States first enacted laws restricting abortion pills in 2010, two years after Planned Parenthood began offering the medications in small towns in the Midwest through telehealth consultations with medical professionals based in larger cities.

Oklahoma enacted the first law, requiring the provider and the patient to be in the same room. Then in 2011, six more states — Arizona, Kansas, Nebraska, North Dakota, South Dakota and Tennessee — adopted similar requirements.

As of last year, more than half of all states had either banned telehealth for medication abortion or required one or more in-person visits. This year, conservative lawmakers are doubling down on those laws, said Elizabeth Nash, principal policy associate at the Guttmacher Institute.
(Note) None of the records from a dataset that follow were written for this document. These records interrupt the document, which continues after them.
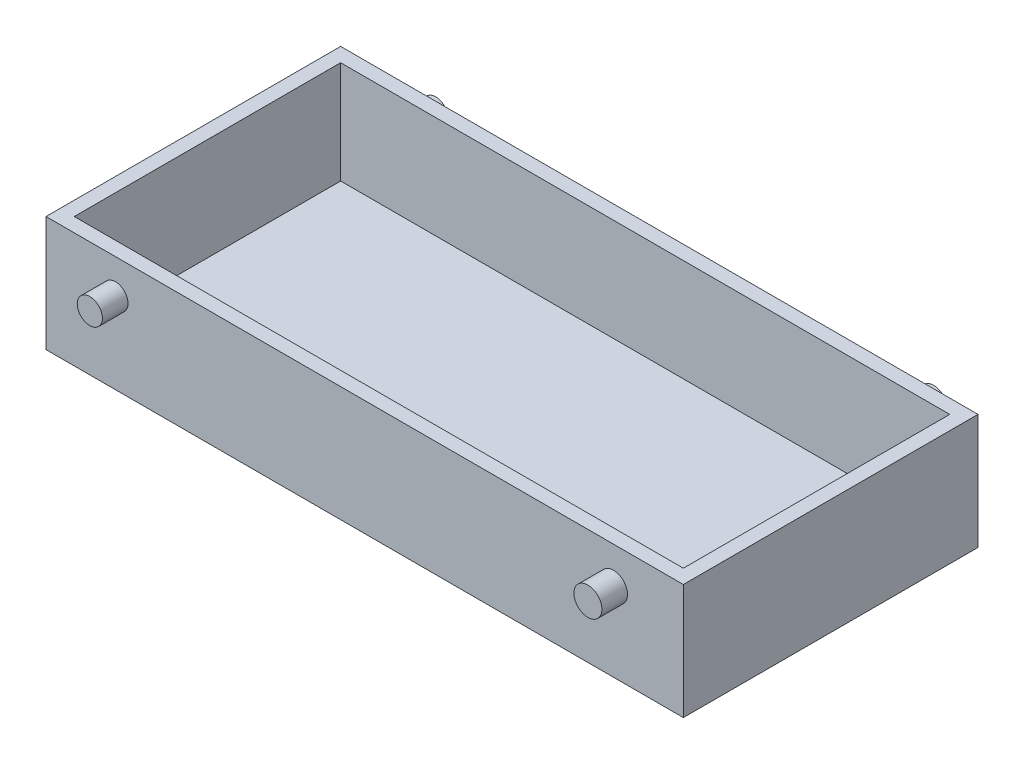
SolidWorks part; units mm, degrees
ref_plane "Front Plane" through (0, 0, 0) normal (0, 0, 1) x (1, 0, 0)
ref_plane "Top Plane" through (0, 0, 0) normal (0, 1, 0) x (1, 0, 0)
ref_plane "Right Plane" through (0, 0, 0) normal (1, 0, 0) x (0, 0, -1)
sketch "Sketch1" plane through (0, 0, 0) normal (0, 1, 0) x (1, 0, 0)
  line L0 (-157.9905, 73.0402) -> (157.9905, 73.0402)
  line L1 (-150.9903, -66.04) -> (150.9903, -66.04)
  line L2 (-150.9903, -66.04) -> (-150.9903, 66.04)
  line L3 (-150.9903, 66.04) -> (150.9903, 66.04)
  line L4 (150.9903, -66.04) -> (150.9903, 66.04)
  line L5 (0, 66.04) -> (0, -66.04) construction
  line L6 (-150.9903, 0) -> (150.9903, 0) construction
  line L7 (157.9905, -73.0402) -> (157.9905, 73.0402)
  line L8 (-157.9905, -73.0402) -> (157.9905, -73.0402)
  line L9 (-157.9905, -73.0402) -> (-157.9905, 73.0402)
  point P0 (0, 0)
  dimension "D1" = 301.9806
  dimension "D2" = 132.08
  dimension "D3" = 7.0002
extrude "Boss-Extrude1" add sketch "Sketch1" along normal blind 50.8
sketch "Sketch3" plane through (0, 0, 0) normal (0, -1, 0) x (1, 0, 0)
  line L4 (-157.9905, 73.0402) -> (-157.9905, -73.0402)
  line L5 (-157.9905, -73.0402) -> (157.9905, -73.0402)
  line L6 (157.9905, -73.0402) -> (157.9905, 73.0402)
  line L7 (157.9905, 73.0402) -> (-157.9905, 73.0402)
  line L8 (-157.9905, 73.0402) -> (-157.9905, -73.0402)
  line L9 (-157.9905, -73.0402) -> (157.9905, -73.0402)
  line L10 (157.9905, -73.0402) -> (157.9905, 73.0402)
  line L11 (157.9905, 73.0402) -> (-157.9905, 73.0402)
  dimension "D1" = 0
extrude "Boss-Extrude2" add sketch "Sketch3" along normal blind 6.35
sketch "Sketch4" plane through (0, 0, 73.0402) normal (0, 0, 1) x (1, 0, 0)
  circle A0 centre (-123.5664, 33.7741) radius 6.2425
  circle A1 centre (123.3786, 32.6474) radius 6.9483
extrude "Boss-Extrude3" add sketch "Sketch4" along normal blind 12.7
mirror "Mirror1" about plane through (0, 0, 0) normal (0, 0, 1) of "Boss-Extrude3"

“As abortion opponents watched what was going on with telehealth during the pandemic, it became apparent to them that access to medication abortion was expanding,” Nash said. “What we’re seeing this year and last is a reaction to that.”

In addition, she said, “with all signs pointing to the [Supreme Court] substantially damaging or even overturning abortion rights, it’s a way of hedging their bets and not putting all of their political capital into enacting new abortion bans that may or may not hold up in court.”

At least 21 states already have abortion bans on the books that could be enforced if Roe is overturned, according to Guttmacher.

Clarke Forsythe, senior counsel at Americans United for Life, which opposes abortion rights, agreed that state lawmakers would be wise not to put their efforts into enacting new abortion bans, since it is still uncertain what the high court will decide in the Mississippi case, Dobbs v. Jackson Women’s Health Organization, that it heard last fall.

Instead, he said, he expects more states to focus on restricting medication abortion now that the FDA has relaxed regulations.

“Short of a state trying to prohibit a chemical abortion altogether, I would expect that limits on chemical abortion will be enforceable no matter how the Dobbs decision goes,” Forsythe said.

In the District of Columbia and the 23 states that allow the use of telemedicine for prescribing abortion pills, patients can obtain the medication through the mail using a variety of online services.

In states where telehealth abortion medication is legal, prices range from $150 to $375, with discounts for those who are unable to pay and the possibility of charging the fees to Medicaid or private insurance.

Women in states that prohibit telehealth for medication abortion also can acquire the pills online through an offshore medical service called Aid Access, started by a Dutch physician in 2018. People seeking abortions can consult with a medical professional online or by phone and receive the pills in the mail for fees of up to $150, depending on income.

“We have this huge discrepancy in abortion access in this country,” said Elisa Wells, co-founder of Plan C, a nonprofit organization that supports access to abortion medication. “It’s an injustice that disproportionately affects people of color, LGBTQ and others who are marginalized.

“But even in states where legislators are trying their hardest to obstruct access to medication abortion,” she said, “there are these online services available that offer alternate routes of access.”